I also think that using words such as "threatened" or "insecure" in such a pejorative way is not helping you here. It reeks of dismissal, which in turn leads to the sense of superiority many of s a re feeling from you. To call someone insecure, or suggest that they are threatened, simply because they have a strong counter view to yours is actually a bit offensive.

As I have said before, I think you did a great job in selecting a partner for yourself. This bodes well for your future.


----------



## lucyloo (Dec 3, 2013)

samyeagar said:


> For me and my monogamous nature, it's not about feeling threatened or insecure...more like I am just not good at sharing. In fact, I don't like sharing at all, emotionally or physically. I'm selfish like that.
> 
> I also think that using words such as "threatened" or "insecure" in such a pejorative way is not helping you here.
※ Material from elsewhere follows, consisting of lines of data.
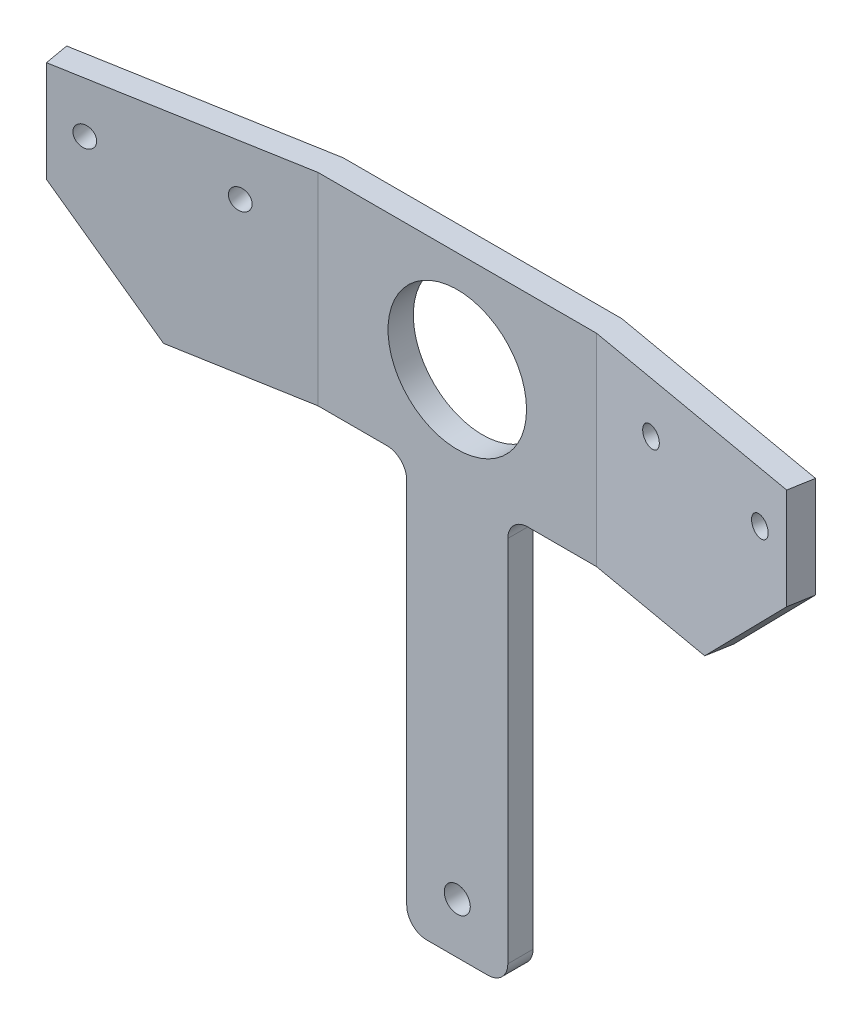
from build123d import *

# Parameters (mm, degrees)
SKETCH1_R           = 17.4
SKETCH1_R_2         = 3.265
BOSS_EXTRUDE1_DEPTH = 6.35
FILLET2_R           = 5
BOSS_EXTRUDE2_DEPTH = 50.8
CUT_EXTRUDE4_DEPTH  = 181.692673495
SKETCH8_R           = 2.575
CUT_EXTRUDE6_DEPTH  = 10


with BuildPart() as part:
    # Sketch1 → Boss-Extrude1 (new body)
    with BuildSketch(Plane.XY):
        Polygon((-12.7, 0), (12.7, 0), (12.7, 102.57), (35, 102.57), (35, 153.37), (-35, 153.37), (-35, 102.57), (-12.7, 102.57), align=None)
        with Locations((0, 127.97)):
            Circle(SKETCH1_R, mode=Mode.SUBTRACT)
        with Locations((0, 12.7)):
            Circle(SKETCH1_R_2, mode=Mode.SUBTRACT)
    extrude(amount=BOSS_EXTRUDE1_DEPTH)

    # Fillet2
    fillet2_edges = [part.edges().sort_by_distance(p)[0] for p in [
        (12.7, 102.57, 3.175),
        (12.7, 0, 3.175),
        (-12.7, 0, 3.175),
        (-12.7, 102.57, 3.175),
    ]]
    fillet(fillet2_edges, radius=FILLET2_R)

    # Sketch2 → Boss-Extrude2 (add)
    with BuildSketch(Plane(origin=(0, 153.37, 0), x_dir=(1, 0, 0), z_dir=(0, 1, 0))):
        Polygon((-35, 0), (-94.088465181, -10.41889066), (-93.002551226, -16.577414731), (-35, -6.35), align=None)
    boss_extrude2 = extrude(amount=-BOSS_EXTRUDE2_DEPTH)

    # Sketch6 → Cut-Extrude4 (cut, symmetric)
    with BuildSketch(Plane(origin=(0.030534819, 0, 0.173171563), x_dir=(0.9848077530122079, 0, -0.17364817766693147), z_dir=(0.17364817766693147, 0, 0.9848077530122079))):
        Polygon((-94.468271355, 102.57), (-94.468271355, 127.97), (-69.068271355, 102.57), align=None)
    cut_extrude4 = extrude(amount=CUT_EXTRUDE4_DEPTH, both=True, mode=Mode.SUBTRACT)

    # Mirror1: Boss-Extrude2, Cut-Extrude4 across plane
    add(boss_extrude2.mirror(Plane(origin=(0, 0, 0), x_dir=(0, 0, 1), z_dir=(1, 0, 0))))
    add(cut_extrude4.mirror(Plane(origin=(0, 0, 0), x_dir=(0, 0, 1), z_dir=(1, 0, 0))), mode=Mode.SUBTRACT)

    # Sketch8 → Cut-Extrude6 (cut)
    with BuildSketch(Plane(origin=(1.055379136, 0, -5.985352508), x_dir=(-0.9848077530122079, 0, -0.17364817766693139), z_dir=(0.17364817766693139, 0, -0.9848077530122079))):
        with Locations((-86.162231322, 140.67)):
            Circle(SKETCH8_R)
        with Locations((-52.434701963, 140.67)):
            Circle(SKETCH8_R)
    cut_extrude6 = extrude(amount=-CUT_EXTRUDE6_DEPTH, mode=Mode.SUBTRACT)

    # Mirror2: Cut-Extrude6 across plane
    add(cut_extrude6.mirror(Plane(origin=(0, 0, 0), x_dir=(0, 0, 1), z_dir=(1, 0, 0))), mode=Mode.SUBTRACT)


solid = part.part
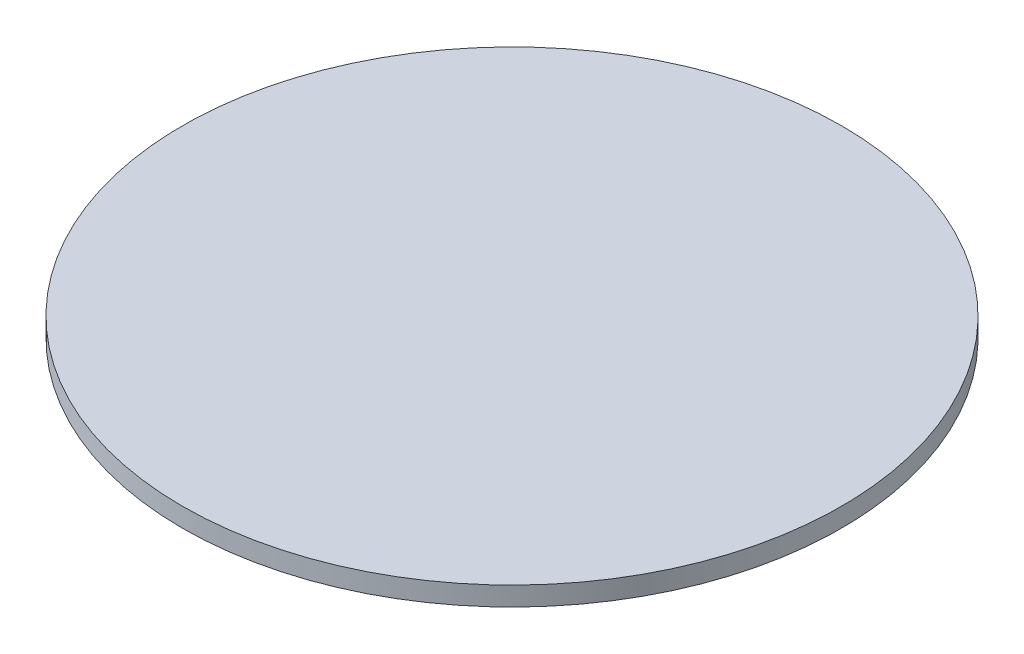
from build123d import *

# Parameters (mm, degrees)
SKETCH1_R           = 43.950602128
BOSS_EXTRUDE1_DEPTH = 2.54


with BuildPart() as part:
    # Sketch1 → Boss-Extrude1 (new body)
    with BuildSketch(Plane(origin=(0, 0, 0), x_dir=(1, 0, 0), z_dir=(0, 1, 0))):
        with Locations(Location((0, 0, 0), (0, 0, 270))):
            Circle(SKETCH1_R)
    extrude(amount=BOSS_EXTRUDE1_DEPTH)


solid = part.part
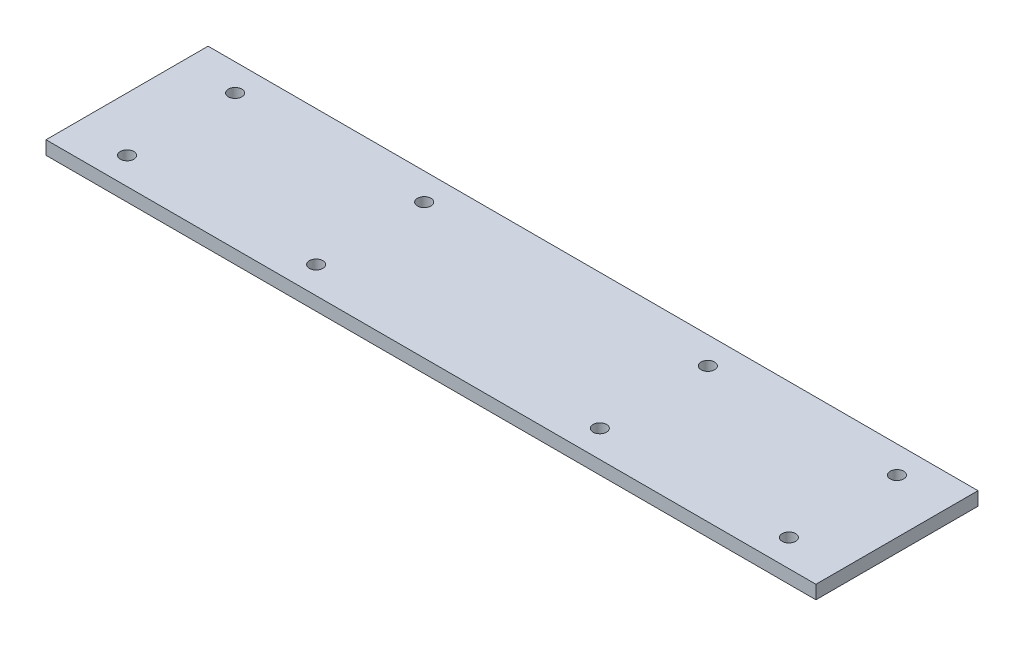
from build123d import *

# Parameters (mm, degrees)
SKETCH1_W           = 723.9
SKETCH1_H           = 152.4
BOSS_EXTRUDE1_DEPTH = 12.7
SKETCH2_R           = 6.35
CUT_EXTRUDE1_DEPTH  = 455.784476325


with BuildPart() as part:
    # Sketch1 → Boss-Extrude1 (new body)
    with BuildSketch(Plane(origin=(0, 0, 0), x_dir=(1, 0, 0), z_dir=(0, 1, 0))):
        with Locations((66.351143947, 76.2)):
            Rectangle(SKETCH1_W, SKETCH1_H)
    extrude(amount=BOSS_EXTRUDE1_DEPTH)

    # Sketch2 → Cut-Extrude1 (cut, through all)
    with BuildSketch(Plane(origin=(0, 12.7, 0), x_dir=(1, 0, 0), z_dir=(0, 1, 0))):
        with Locations(Location((377.501143947, 127, 0), (0, 0, 270))):
            Circle(SKETCH2_R)
        with Locations(Location((377.501143947, 25.4, 0), (0, 0, 270))):
            Circle(SKETCH2_R)
        with Locations(Location((199.701143947, 127, 0), (0, 0, 270))):
            Circle(SKETCH2_R)
        with Locations(Location((199.701143947, 25.4, 0), (0, 0, 270))):
            Circle(SKETCH2_R)
        with Locations(Location((-244.798856053, 127, 0), (0, 0, 90))):
            Circle(SKETCH2_R)
        with Locations(Location((-66.998856053, 127, 0), (0, 0, 90))):
            Circle(SKETCH2_R)
        with Locations(Location((-244.798856053, 25.4, 0), (0, 0, 90))):
            Circle(SKETCH2_R)
        with Locations(Location((-66.998856053, 25.4, 0), (0, 0, 90))):
            Circle(SKETCH2_R)
    extrude(amount=-CUT_EXTRUDE1_DEPTH, mode=Mode.SUBTRACT)


solid = part.part
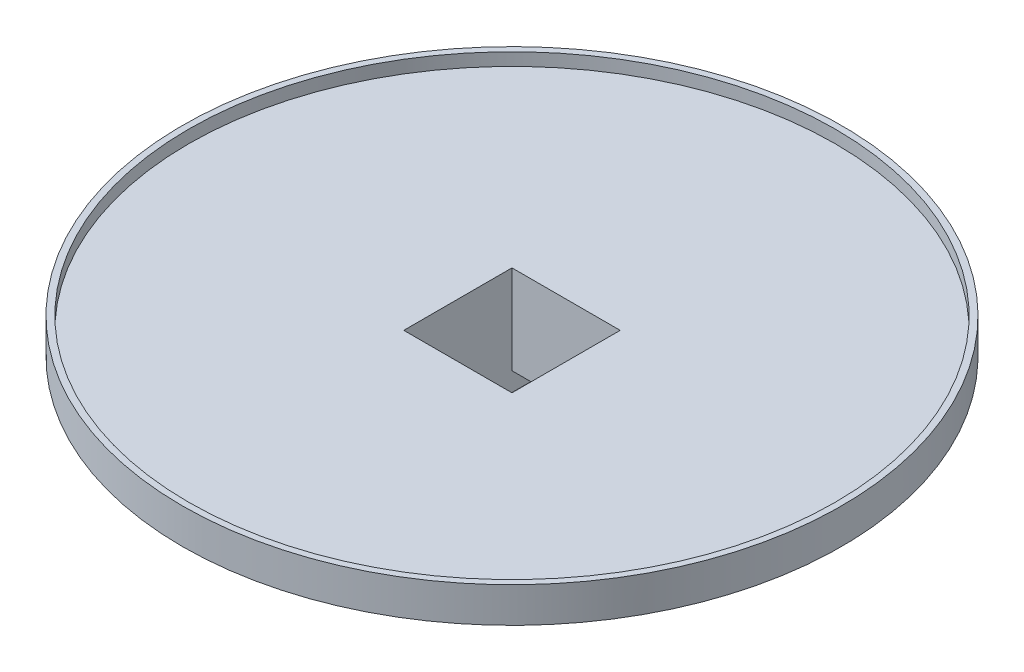
from build123d import *

# Parameters (mm, degrees)
SKETCH7_R             = 25.69
SKETCH7_W             = 8.6
SKETCH7_H             = 8.6
LENS_SPACER_DEPTH     = 7.08
SKETCH5_W             = 8.2
SKETCH5_H             = 24
SKETCH5_R             = 1.125
ATTACHMENT_LEGS_DEPTH = 1.5
LENS_START            = -7.08
SKETCH8_R             = 26.19
SKETCH8_R_2           = 25.69
LENS_POSITIONER_DEPTH = 8.09
SKETCH11_W            = 4
SKETCH11_H            = 3
NODE_HOLE_DEPTH       = 0.7


with BuildPart() as part:
    # Sketch7 → Lens Spacer (new body)
    with BuildSketch(Plane.XZ):
        with Locations(Location((0, 0, 0), (0, 0, 270))):
            Circle(SKETCH7_R)
        Rectangle(SKETCH7_W, SKETCH7_H, mode=Mode.SUBTRACT)
    extrude(amount=LENS_SPACER_DEPTH)

    # Sketch5 → Attachment Legs (add)
    # profile 1 of 2: a face of its own
    with BuildSketch(Plane(origin=(0, -7.08, 0), x_dir=(-1, 0, 0), z_dir=(0, -1, 0))):
        with Locations((-8.4, 2.1)):
            Rectangle(SKETCH5_W, SKETCH5_H)
        with Locations(Location((-10.75, 12.5, 0), (0, 0, 90))):
            Circle(SKETCH5_R, mode=Mode.SUBTRACT)
        with Locations(Location((-10.75, -0.3, 0), (0, 0, 90))):
            Circle(SKETCH5_R, mode=Mode.SUBTRACT)
    # profile 2 of 2: a face of its own
    with BuildSketch(Plane(origin=(0, -7.08, 0), x_dir=(-1, 0, 0), z_dir=(0, -1, 0))):
        with Locations((8.4, 2.1)):
            Rectangle(SKETCH5_W, SKETCH5_H)
        with Locations(Location((10.25, -0.3, 0), (0, 0, 270))):
            Circle(SKETCH5_R, mode=Mode.SUBTRACT)
        with Locations(Location((10.25, 12.5, 0), (0, 0, 270))):
            Circle(SKETCH5_R, mode=Mode.SUBTRACT)
    extrude(amount=ATTACHMENT_LEGS_DEPTH)

    # Sketch8 → Lens Positioner (add)
    with BuildSketch(Plane(origin=(0, 0, 0), x_dir=(1, 0, 0), z_dir=(0, 1, 0)).offset(LENS_START)):
        with Locations(Location((0, 0, 0), (0, 0, 270))):
            Circle(SKETCH8_R)
        with Locations(Location((0, 0, 0), (0, 0, 270))):
            Circle(SKETCH8_R_2, mode=Mode.SUBTRACT)
    extrude(amount=LENS_POSITIONER_DEPTH)

    # Sketch11 → Node Hole (cut)
    with BuildSketch(Plane.XZ.offset(8.58)):
        with Locations((7.9, -9.6)):
            Rectangle(SKETCH11_W, SKETCH11_H)
    extrude(amount=-NODE_HOLE_DEPTH, mode=Mode.SUBTRACT)

    # Sketch13 → Cut-Revolve1 (revolve, cut)
    with BuildSketch(Plane.XY, mode=Mode.PRIVATE) as cut_revolve1_sk:
        with BuildLine():
            Line((-7.7, -7.08), (-26.19, -7.08))
            Line((-26.19, -7.08), (-26.19, -1.79))
            ThreePointArc((-26.19, -1.79), (-18.616939408, -2.463282886), (-11.265314293, -4.401881538))
            ThreePointArc((-11.265314293, -4.401881538), (-9.27901976, -5.469843244), (-7.7, -7.08))
        make_face()
    revolve(cut_revolve1_sk.sketch.rotate(Axis((0, -81.156506397, 0), (0, 1, 0)), 270), axis=Axis((0, -81.156506397, 0), (0, 1, 0)), mode=Mode.SUBTRACT)


solid = part.part

It reeks of dismissal, which in turn leads to the sense of superiority many of s a re feeling from you. To call someone insecure, or suggest that they are threatened, simply because they have a strong counter view to yours is actually a bit offensive.
> 
> As I have said before, I think you did a great job in selecting a partner for yourself. This bodes well for your future.


I really think this all comes down to perspective. I used the terms "insecure" and "threatened" based on an example I shared - what I have myself in fact observed over and over again based on women who are in my exact position and have spouses who are not ok with them exploring their sexuality. 

Does that mean that is the case across the board? No. Nor do I think anybody in this thread is insecure or threatened because they are monogamous. Those terms were shared based on my personal experience. I am sure there are an infinite number of reasons why people choose to be monogamous.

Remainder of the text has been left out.